In the study of online hours by teenagers, since the data does not appear to be normally distributed, relying upon the two-sample t-test might lead to incorrect conclusions. This highlights the importance of selecting the appropriate statistical test based on the data's characteristics.

Significance Level

The significance level, often represented by the Greek letter alpha (α), is a threshold used to decide whether to reject the null hypothesis. It is the probability of making the error of rejecting a true null hypothesis (Type I error).

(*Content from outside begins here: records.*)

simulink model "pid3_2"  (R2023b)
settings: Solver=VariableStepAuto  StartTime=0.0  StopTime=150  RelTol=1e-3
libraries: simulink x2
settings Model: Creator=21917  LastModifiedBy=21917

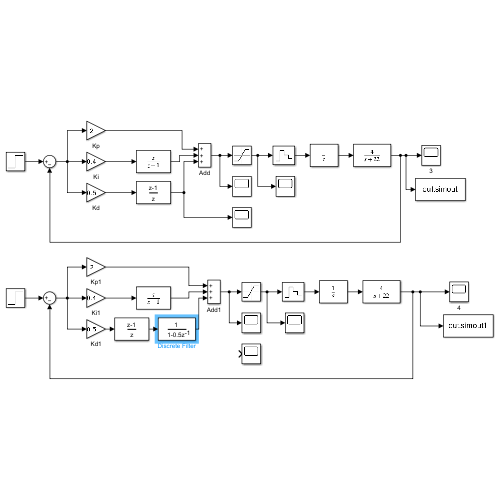
[thumbnail: Simulink's stored preview of the top-level diagram]
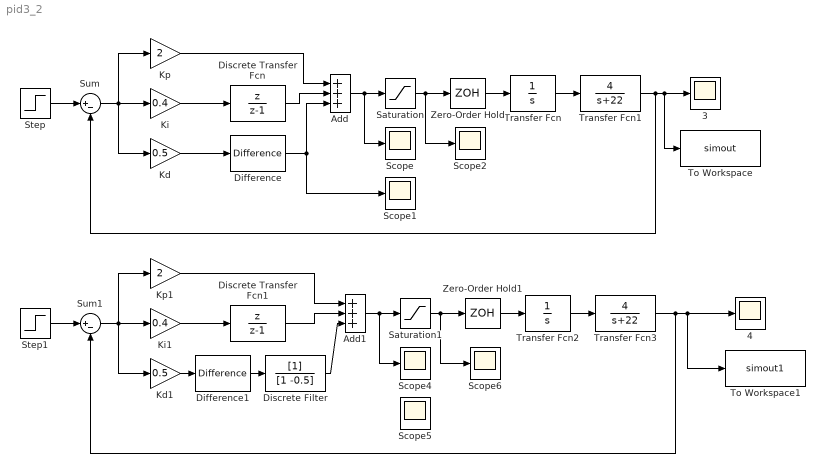
== system pid3_2 ==
  3 : Scope
  4 : Scope
  Add : Sum  Inputs=+++
  Add1 : Sum  Inputs=+++
  Difference : simulink/Discrete/Difference  ICPrevInput=0.0  OutMin=[]  OutMax=[]  OutDataType=fixdt(1, 16)  OutScaling=2^-10  DoSatur=off
  Difference1 : simulink/Discrete/Difference  ICPrevInput=0.0  OutMin=[]  OutMax=[]  OutDataType=fixdt(1, 16)  OutScaling=2^-10  DoSatur=off
  Discrete Transfer Fcn : DiscreteTransferFcn  Numerator=[1 0]  Denominator=[1 -1]
  Discrete Transfer Fcn1 : DiscreteTransferFcn  Numerator=[1 0]  Denominator=[1 -1]
  Discrete Filter : DiscreteFilter  Denominator=[1 -0.5]
  Kd : Gain  Gain=0.5
  Kd1 : Gain  Gain=0.5
  Ki : Gain  Gain=0.4
  Ki1 : Gain  Gain=0.4
  Kp : Gain  Gain=2
  Kp1 : Gain  Gain=2
  Saturation : Saturate
  Saturation1 : Saturate
  Scope{,1..2,4..6} (6 alike) : Scope
  Step : Step  SampleTime=0
  Step1 : Step  SampleTime=0
  Sum : Sum  Inputs=|+-
  Sum1 : Sum  Inputs=|+-
  To Workspace : ToWorkspace  VariableName=simout  SaveFormat=Timeseries  SampleTime=-1
  To Workspace1 : ToWorkspace  VariableName=simout1  SaveFormat=Timeseries  SampleTime=-1
  Transfer Fcn : TransferFcn  Denominator=[1 0]
  Transfer Fcn1 : TransferFcn  Numerator=[4]  Denominator=[1 22]
  Transfer Fcn2 : TransferFcn  Denominator=[1 0]
  Transfer Fcn3 : TransferFcn  Numerator=[4]  Denominator=[1 22]
  Zero-Order Hold : ZeroOrderHold  SampleTime=-1
  Zero-Order Hold1 : ZeroOrderHold  SampleTime=-1
  wires:
  Step/1 -> Sum/1
  Sum/1 -> Kd/1, Ki/1, Kp/1
  Difference/1 -> Add/3, Scope1/1
  Kd/1 -> Difference/1
  Ki/1 -> Discrete Transfer Fcn/1
  Kp/1 -> Add/1
  Discrete Transfer Fcn/1 -> Add/2
  Add/1 -> Scope/1, Saturation/1
  Saturation/1 -> Scope2/1, Zero-Order Hold/1
  Transfer Fcn/1 -> Transfer Fcn1/1
  Zero-Order Hold/1 -> Transfer Fcn/1
  Transfer Fcn1/1 -> Sum/2, To Workspace/1, 3/1
  Transfer Fcn3/1 -> Sum1/2, To Workspace1/1, 4/1
  Transfer Fcn2/1 -> Transfer Fcn3/1
  Saturation1/1 -> Scope6/1, Zero-Order Hold1/1
  Kd1/1 -> Difference1/1
  Ki1/1 -> Discrete Transfer Fcn1/1
  Sum1/1 -> Kd1/1, Ki1/1, Kp1/1
  Discrete Transfer Fcn1/1 -> Add1/2
  Zero-Order Hold1/1 -> Transfer Fcn2/1
  Step1/1 -> Sum1/1
  Add1/1 -> Scope4/1, Saturation1/1
  Kp1/1 -> Add1/1
  Difference1/1 -> Discrete Filter/1
  Discrete Filter/1 -> Add1/3

A common significance level used is 0.05, meaning there is a 5% risk of concluding that a difference exists when there is none.

Tying this to the teenagers' study, if a proper test (like a non-parametric test) were used and results in a p-value less than 0.05, it would suggest evidence of a true difference between the online hours of male and female teenagers, beyond random chance.

Non-Parametric Test

Non-parametric tests are statistical tests that do not assume a specific distribution for the data. They are particularly useful when data do not meet the assumptions required for parametric tests, such as normality. The Mann-Whitney U test, for example, is a non-parametric test that can compare medians from two independent samples.

In our example, employing a non-parametric test would be recommended to analyze the difference in weekly online hours between genders, as it circumvents the need for data to fit a normal distribution, thus providing a more accurate reflection of the situation.